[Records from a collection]
= = =

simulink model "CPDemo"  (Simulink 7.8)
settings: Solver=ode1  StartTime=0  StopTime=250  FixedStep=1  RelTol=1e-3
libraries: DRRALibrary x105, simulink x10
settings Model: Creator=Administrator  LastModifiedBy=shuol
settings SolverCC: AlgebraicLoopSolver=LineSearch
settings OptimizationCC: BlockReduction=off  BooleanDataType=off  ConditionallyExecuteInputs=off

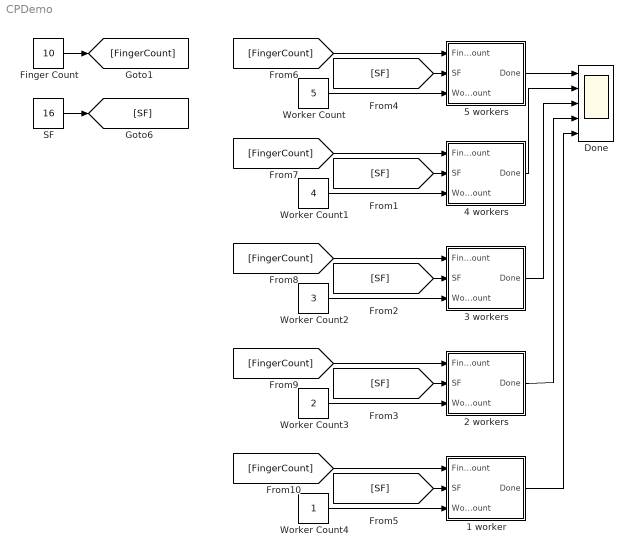
== system CPDemo ==
  1 worker : Subsystem
  2 workers : Subsystem
  3 workers : Subsystem
  4 workers : Subsystem
  5 workers : Subsystem
  Done : Scope  NumInputPorts=5
      settings: TickLabels=on  YMin=-1~-1~-1~-1~-1  YMax=2~2~2~2~2
  Finger Count : Constant  Value=10  SampleTime=1
  SF : Constant  Value=16  SampleTime=1
  Worker Count : Constant  Value=5  SampleTime=1
  Worker Count1 : Constant  Value=4  SampleTime=1
  Worker Count2 : Constant  Value=3  SampleTime=1
  Worker Count3 : Constant  Value=2  SampleTime=1
  Worker Count4 : Constant  SampleTime=1
  wires:
  [SF] -> 5 workers/2(SF)
  Worker Count/1 -> 5 workers/3(Worker Count)
  5 workers/1(Done) -> Done/1
  [SF] -> 4 workers/2(SF)
  Worker Count1/1 -> 4 workers/3(Worker Count)
  [SF] -> 3 workers/2(SF)
  Worker Count2/1 -> 3 workers/3(Worker Count)
  [SF] -> 2 workers/2(SF)
  Worker Count3/1 -> 2 workers/3(Worker Count)
  [SF] -> 1 worker/2(SF)
  Worker Count4/1 -> 1 worker/3(Worker Count)
  4 workers/1(Done) -> Done/2
  3 workers/1(Done) -> Done/3
  2 workers/1(Done) -> Done/4
  1 worker/1(Done) -> Done/5
  SF/1 -> [SF]
  Finger Count/1 -> [FingerCount]
  [FingerCount] -> 5 workers/1(Finger Count)
  [FingerCount] -> 1 worker/1(Finger Count)
  [FingerCount] -> 2 workers/1(Finger Count)
  [FingerCount] -> 3 workers/1(Finger Count)
  [FingerCount] -> 4 workers/1(Finger Count)

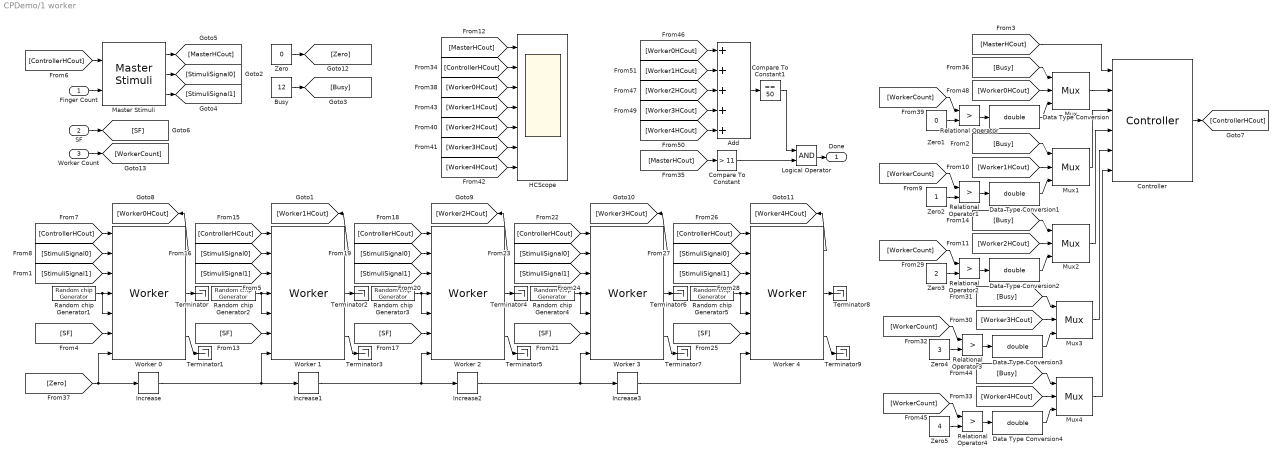
== system CPDemo/1 worker ==
  Finger Count : Inport
  SF : Inport  Port=2
  Worker Count : Inport  Port=3
  Add : Sum  Inputs=+++++  SampleTime=1
  Busy : Constant  Value=12  SampleTime=1
  Compare To Constant : simulink/Logic and Bit Operations/Compare To Constant  relop=>  const=11  OutDataTypeStr=uint8
  Compare To Constant1 : simulink/Logic and Bit Operations/Compare To Constant  relop===  const=50  OutDataTypeStr=uint8
  Controller : DRRALibrary/Function Library/Correlation Pool/Used Functions/Extended Functions/Controller
  Data Type Conversion{,1..4} (5 alike) : DataTypeConversion  OutDataTypeStr=double
  HCScope : Scope  NumInputPorts=7
      settings: TickLabels=on  YMin=-1~-1~-1~-1~-1~-1~-1  YMax=16~16~16~16~16~16~16
  Increase{,1..3} (4 alike) : DRRALibrary/Simulation Functions/Base Functions/Increase  SystemSampleTime=-1
  Logical Operator : Logic  AllPortsSameDT=off  OutDataTypeStr=boolean
  Master Stimuli : DRRALibrary/Function Library/Correlation Pool/Used Functions/Extended Functions/Master Stimuli
  Mux{,1..4} (5 alike) : DRRALibrary/Simulation Functions/Base Functions/Mux
  Random chip Generator{1..5} (5 alike) : DRRALibrary/Function Library/Correlation Pool/Used Functions/Extended Functions/Random chip Generator
  Relational Operator{,1..4} (5 alike) : RelationalOperator  Operator=>  OutDataTypeStr=boolean
  Terminator{,1..9} (10 alike) : Terminator
  Worker {0..4} (5 alike) : DRRALibrary/Function Library/Correlation Pool/Used Functions/Extended Functions/Worker 
  Zero : Constant  Value=0  SampleTime=1
  Zero1 : Constant  Value=0  SampleTime=1
  Zero2 : Constant  SampleTime=1
  Zero3 : Constant  Value=2  SampleTime=1
  Zero4 : Constant  Value=3  SampleTime=1
  Zero5 : Constant  Value=4  SampleTime=1
  Done : Outport
  wires:
  Data Type Conversion/1 -> Mux/3
  Relational Operator/1 -> Data Type Conversion/1
  Worker Count/1 -> [WorkerCount]
  [Zero] -> Worker 0/7, Increase/1
  Zero/1 -> [Zero]
  Busy/1 -> [Busy]
  Finger Count/1 -> Master Stimuli/2
  Worker 4/3 -> Terminator9/1
  Worker 4/2 -> Terminator8/1
  Worker 3/2 -> Terminator6/1
  Worker 3/3 -> Terminator7/1
  Worker 2/3 -> Terminator5/1
  Worker 2/2 -> Terminator4/1
  Worker 1/3 -> Terminator3/1
  Worker 1/2 -> Terminator2/1
  Worker 0/3 -> Terminator1/1
  Worker 0/2 -> Terminator/1
  SF/1 -> [SF]
  Master Stimuli/3 -> [StimuliSignal1]
  Worker 4/1 -> [Worker4HCout]
  Increase3/1 -> Worker 4/7
  [SF] -> Worker 4/6
  [StimuliSignal1] -> Worker 4/3
  Random chip Generator5/1 -> Worker 4/4, Worker 4/5
  [StimuliSignal0] -> Worker 4/2
  [ControllerHCout] -> Worker 4/1
  Worker 3/1 -> [Worker3HCout]
  Increase2/1 -> Worker 3/7, Increase3/1
  [SF] -> Worker 3/6
  [StimuliSignal1] -> Worker 3/3
  Random chip Generator4/1 -> Worker 3/5, Worker 3/4
  [StimuliSignal0] -> Worker 3/2
  [ControllerHCout] -> Worker 3/1
  Worker 2/1 -> [Worker2HCout]
  Increase1/1 -> Increase2/1, Worker 2/7
  [SF] -> Worker 2/6
  [StimuliSignal1] -> Worker 2/3
  Random chip Generator3/1 -> Worker 2/4, Worker 2/5
  [StimuliSignal0] -> Worker 2/2
  [ControllerHCout] -> Worker 2/1
  Worker 1/1 -> [Worker1HCout]
  Increase/1 -> Worker 1/7, Increase1/1
  [SF] -> Worker 1/6
  [StimuliSignal1] -> Worker 1/3
  Random chip Generator2/1 -> Worker 1/5, Worker 1/4
  [StimuliSignal0] -> Worker 1/2
  [ControllerHCout] -> Worker 1/1
  Worker 0/1 -> [Worker0HCout]
  [SF] -> Worker 0/6
  [StimuliSignal1] -> Worker 0/3
  [ControllerHCout] -> Master Stimuli/1
  Random chip Generator1/1 -> Worker 0/4, Worker 0/5
  [StimuliSignal0] -> Worker 0/2
  [ControllerHCout] -> Worker 0/1
  [MasterHCout] -> Controller/1
  Controller/1 -> [ControllerHCout]
  Master Stimuli/2 -> [StimuliSignal0]
  Master Stimuli/1 -> [MasterHCout]
  [MasterHCout] -> Compare To Constant/1
  [MasterHCout] -> HCScope/1
  [ControllerHCout] -> HCScope/2
  [Worker0HCout] -> Mux/2
  [WorkerCount] -> Relational Operator/1
  Zero1/1 -> Relational Operator/2
  [Worker4HCout] -> HCScope/7
  [Worker3HCout] -> HCScope/6
  [Worker2HCout] -> HCScope/5
  [Worker1HCout] -> HCScope/4
  [Worker0HCout] -> HCScope/3
  [Busy] -> Mux/1
  Data Type Conversion1/1 -> Mux1/3
  Relational Operator1/1 -> Data Type Conversion1/1
  [Worker1HCout] -> Mux1/2
  [WorkerCount] -> Relational Operator1/1
  Zero2/1 -> Relational Operator1/2
  [Busy] -> Mux1/1
  Data Type Conversion2/1 -> Mux2/3
  Relational Operator2/1 -> Data Type Conversion2/1
  [Worker2HCout] -> Mux2/2
  [WorkerCount] -> Relational Operator2/1
  Zero3/1 -> Relational Operator2/2
  [Busy] -> Mux2/1
  Data Type Conversion3/1 -> Mux3/3
  Relational Operator3/1 -> Data Type Conversion3/1
  [Worker3HCout] -> Mux3/2
  [WorkerCount] -> Relational Operator3/1
  Zero4/1 -> Relational Operator3/2
  [Busy] -> Mux3/1
  Data Type Conversion4/1 -> Mux4/3
  Relational Operator4/1 -> Data Type Conversion4/1
  [Worker4HCout] -> Mux4/2
  [WorkerCount] -> Relational Operator4/1
  Zero5/1 -> Relational Operator4/2
  [Busy] -> Mux4/1
  Mux/1 -> Controller/2
  Mux1/1 -> Controller/3
  Mux2/1 -> Controller/4
  Mux3/1 -> Controller/5
  Mux4/1 -> Controller/6
  [Worker0HCout] -> Add/1
  [Worker1HCout] -> Add/2
  [Worker2HCout] -> Add/3
  [Worker3HCout] -> Add/4
  [Worker4HCout] -> Add/5
  Add/1 -> Compare To Constant1/1
  Compare To Constant/1 -> Logical Operator/2
  Compare To Constant1/1 -> Logical Operator/1
  Logical Operator/1 -> Done/1

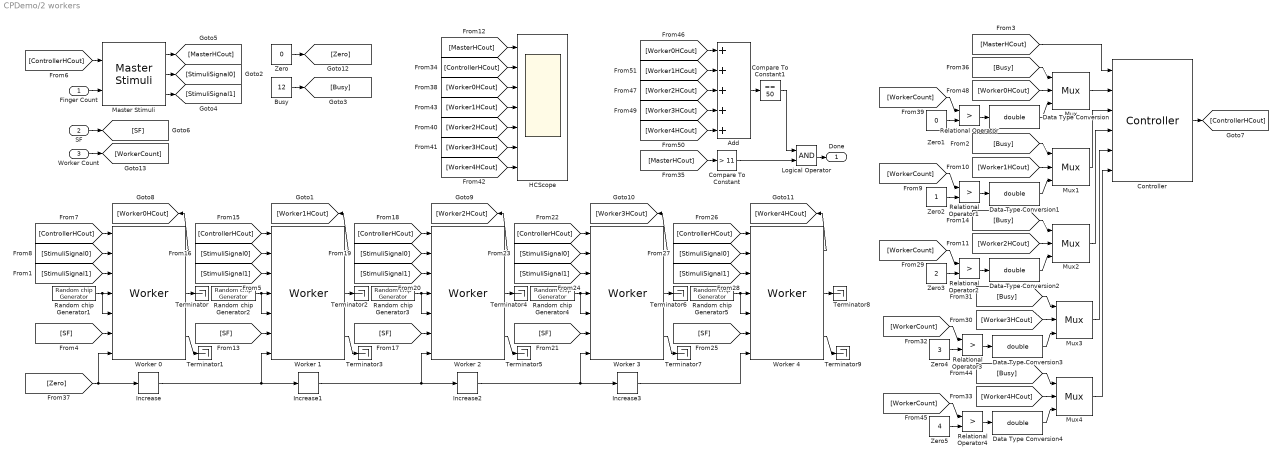
== system CPDemo/2 workers ==
  Finger Count : Inport
  SF : Inport  Port=2
  Worker Count : Inport  Port=3
  Add : Sum  Inputs=+++++  SampleTime=1
  Busy : Constant  Value=12  SampleTime=1
  Compare To Constant : simulink/Logic and Bit Operations/Compare To Constant  relop=>  const=11  OutDataTypeStr=uint8
  Compare To Constant1 : simulink/Logic and Bit Operations/Compare To Constant  relop===  const=50  OutDataTypeStr=uint8
  Controller : DRRALibrary/Function Library/Correlation Pool/Used Functions/Extended Functions/Controller
  Data Type Conversion{,1..4} (5 alike) : DataTypeConversion  OutDataTypeStr=double
  HCScope : Scope  NumInputPorts=7
      settings: TickLabels=on  YMin=-1~-1~-1~-1~-1~-1~-1  YMax=16~16~16~16~16~16~16
  Increase{,1..3} (4 alike) : DRRALibrary/Simulation Functions/Base Functions/Increase  SystemSampleTime=-1
  Logical Operator : Logic  AllPortsSameDT=off  OutDataTypeStr=boolean
  Master Stimuli : DRRALibrary/Function Library/Correlation Pool/Used Functions/Extended Functions/Master Stimuli
  Mux{,1..4} (5 alike) : DRRALibrary/Simulation Functions/Base Functions/Mux
  Random chip Generator{1..5} (5 alike) : DRRALibrary/Function Library/Correlation Pool/Used Functions/Extended Functions/Random chip Generator
  Relational Operator{,1..4} (5 alike) : RelationalOperator  Operator=>  OutDataTypeStr=boolean
  Terminator{,1..9} (10 alike) : Terminator
  Worker {0..4} (5 alike) : DRRALibrary/Function Library/Correlation Pool/Used Functions/Extended Functions/Worker 
  Zero : Constant  Value=0  SampleTime=1
  Zero1 : Constant  Value=0  SampleTime=1
  Zero2 : Constant  SampleTime=1
  Zero3 : Constant  Value=2  SampleTime=1
  Zero4 : Constant  Value=3  SampleTime=1
  Zero5 : Constant  Value=4  SampleTime=1
  Done : Outport
  wires:
  Logical Operator/1 -> Done/1
  Compare To Constant1/1 -> Logical Operator/1
  Compare To Constant/1 -> Logical Operator/2
  Add/1 -> Compare To Constant1/1
  [Worker4HCout] -> Add/5
  [Worker3HCout] -> Add/4
  [Worker2HCout] -> Add/3
  [Worker1HCout] -> Add/2
  [Worker0HCout] -> Add/1
  Mux4/1 -> Controller/6
  Mux3/1 -> Controller/5
  Mux2/1 -> Controller/4
  Mux1/1 -> Controller/3
  Mux/1 -> Controller/2
  [Busy] -> Mux4/1
  Zero5/1 -> Relational Operator4/2
  [WorkerCount] -> Relational Operator4/1
  [Worker4HCout] -> Mux4/2
  Relational Operator4/1 -> Data Type Conversion4/1
  Data Type Conversion4/1 -> Mux4/3
  [Busy] -> Mux3/1
  Zero4/1 -> Relational Operator3/2
  [WorkerCount] -> Relational Operator3/1
  [Worker3HCout] -> Mux3/2
  Relational Operator3/1 -> Data Type Conversion3/1
  Data Type Conversion3/1 -> Mux3/3
  [Busy] -> Mux2/1
  Zero3/1 -> Relational Operator2/2
  [WorkerCount] -> Relational Operator2/1
  [Worker2HCout] -> Mux2/2
  Relational Operator2/1 -> Data Type Conversion2/1
  Data Type Conversion2/1 -> Mux2/3
  [Busy] -> Mux1/1
  Zero2/1 -> Relational Operator1/2
  [WorkerCount] -> Relational Operator1/1
  [Worker1HCout] -> Mux1/2
  Relational Operator1/1 -> Data Type Conversion1/1
  Data Type Conversion1/1 -> Mux1/3
  [Busy] -> Mux/1
  [Worker0HCout] -> HCScope/3
  [Worker1HCout] -> HCScope/4
  [Worker2HCout] -> HCScope/5
  [Worker3HCout] -> HCScope/6
  [Worker4HCout] -> HCScope/7
  Zero1/1 -> Relational Operator/2
  [WorkerCount] -> Relational Operator/1
  [Worker0HCout] -> Mux/2
  [ControllerHCout] -> HCScope/2
  [MasterHCout] -> HCScope/1
  [MasterHCout] -> Compare To Constant/1
  Master Stimuli/1 -> [MasterHCout]
  Master Stimuli/2 -> [StimuliSignal0]
  Controller/1 -> [ControllerHCout]
  [MasterHCout] -> Controller/1
  [ControllerHCout] -> Worker 0/1
  [StimuliSignal0] -> Worker 0/2
  Random chip Generator1/1 -> Worker 0/5, Worker 0/4
  [ControllerHCout] -> Master Stimuli/1
  [StimuliSignal1] -> Worker 0/3
  [SF] -> Worker 0/6
  Worker 0/1 -> [Worker0HCout]
  [ControllerHCout] -> Worker 1/1
  [StimuliSignal0] -> Worker 1/2
  Random chip Generator2/1 -> Worker 1/4, Worker 1/5
  [StimuliSignal1] -> Worker 1/3
  [SF] -> Worker 1/6
  Increase/1 -> Increase1/1, Worker 1/7
  Worker 1/1 -> [Worker1HCout]
  [ControllerHCout] -> Worker 2/1
  [StimuliSignal0] -> Worker 2/2
  Random chip Generator3/1 -> Worker 2/5, Worker 2/4
  [StimuliSignal1] -> Worker 2/3
  [SF] -> Worker 2/6
  Increase1/1 -> Worker 2/7, Increase2/1
  Worker 2/1 -> [Worker2HCout]
  [ControllerHCout] -> Worker 3/1
  [StimuliSignal0] -> Worker 3/2
  Random chip Generator4/1 -> Worker 3/4, Worker 3/5
  [StimuliSignal1] -> Worker 3/3
  [SF] -> Worker 3/6
  Increase2/1 -> Increase3/1, Worker 3/7
  Worker 3/1 -> [Worker3HCout]
  [ControllerHCout] -> Worker 4/1
  [StimuliSignal0] -> Worker 4/2
  Random chip Generator5/1 -> Worker 4/5, Worker 4/4
  [StimuliSignal1] -> Worker 4/3
  [SF] -> Worker 4/6
  Increase3/1 -> Worker 4/7
  Worker 4/1 -> [Worker4HCout]
  Master Stimuli/3 -> [StimuliSignal1]
  SF/1 -> [SF]
  Worker 0/2 -> Terminator/1
  Worker 0/3 -> Terminator1/1
  Worker 1/2 -> Terminator2/1
  Worker 1/3 -> Terminator3/1
  Worker 2/2 -> Terminator4/1
  Worker 2/3 -> Terminator5/1
  Worker 3/3 -> Terminator7/1
  Worker 3/2 -> Terminator6/1
  Worker 4/2 -> Terminator8/1
  Worker 4/3 -> Terminator9/1
  Finger Count/1 -> Master Stimuli/2
  Busy/1 -> [Busy]
  Zero/1 -> [Zero]
  [Zero] -> Increase/1, Worker 0/7
  Worker Count/1 -> [WorkerCount]
  Relational Operator/1 -> Data Type Conversion/1
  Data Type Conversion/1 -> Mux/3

= = =

> **What is needed**:
If a line comes after the line with "Done : Scope", it stays out; print exactly every line from the start of the entries up to and including that line, but no pictures.

> **Response area**:
simulink model "CPDemo"  (Simulink 7.8)
settings: Solver=ode1  StartTime=0  StopTime=250  FixedStep=1  RelTol=1e-3
libraries: DRRALibrary x105, simulink x10
settings Model: Creator=Administrator  LastModifiedBy=shuol
settings SolverCC: AlgebraicLoopSolver=LineSearch
settings OptimizationCC: BlockReduction=off  BooleanDataType=off  ConditionallyExecuteInputs=off

== system CPDemo ==
  1 worker : Subsystem
  2 workers : Subsystem
  3 workers : Subsystem
  4 workers : Subsystem
  5 workers : Subsystem
  Done : Scope  NumInputPorts=5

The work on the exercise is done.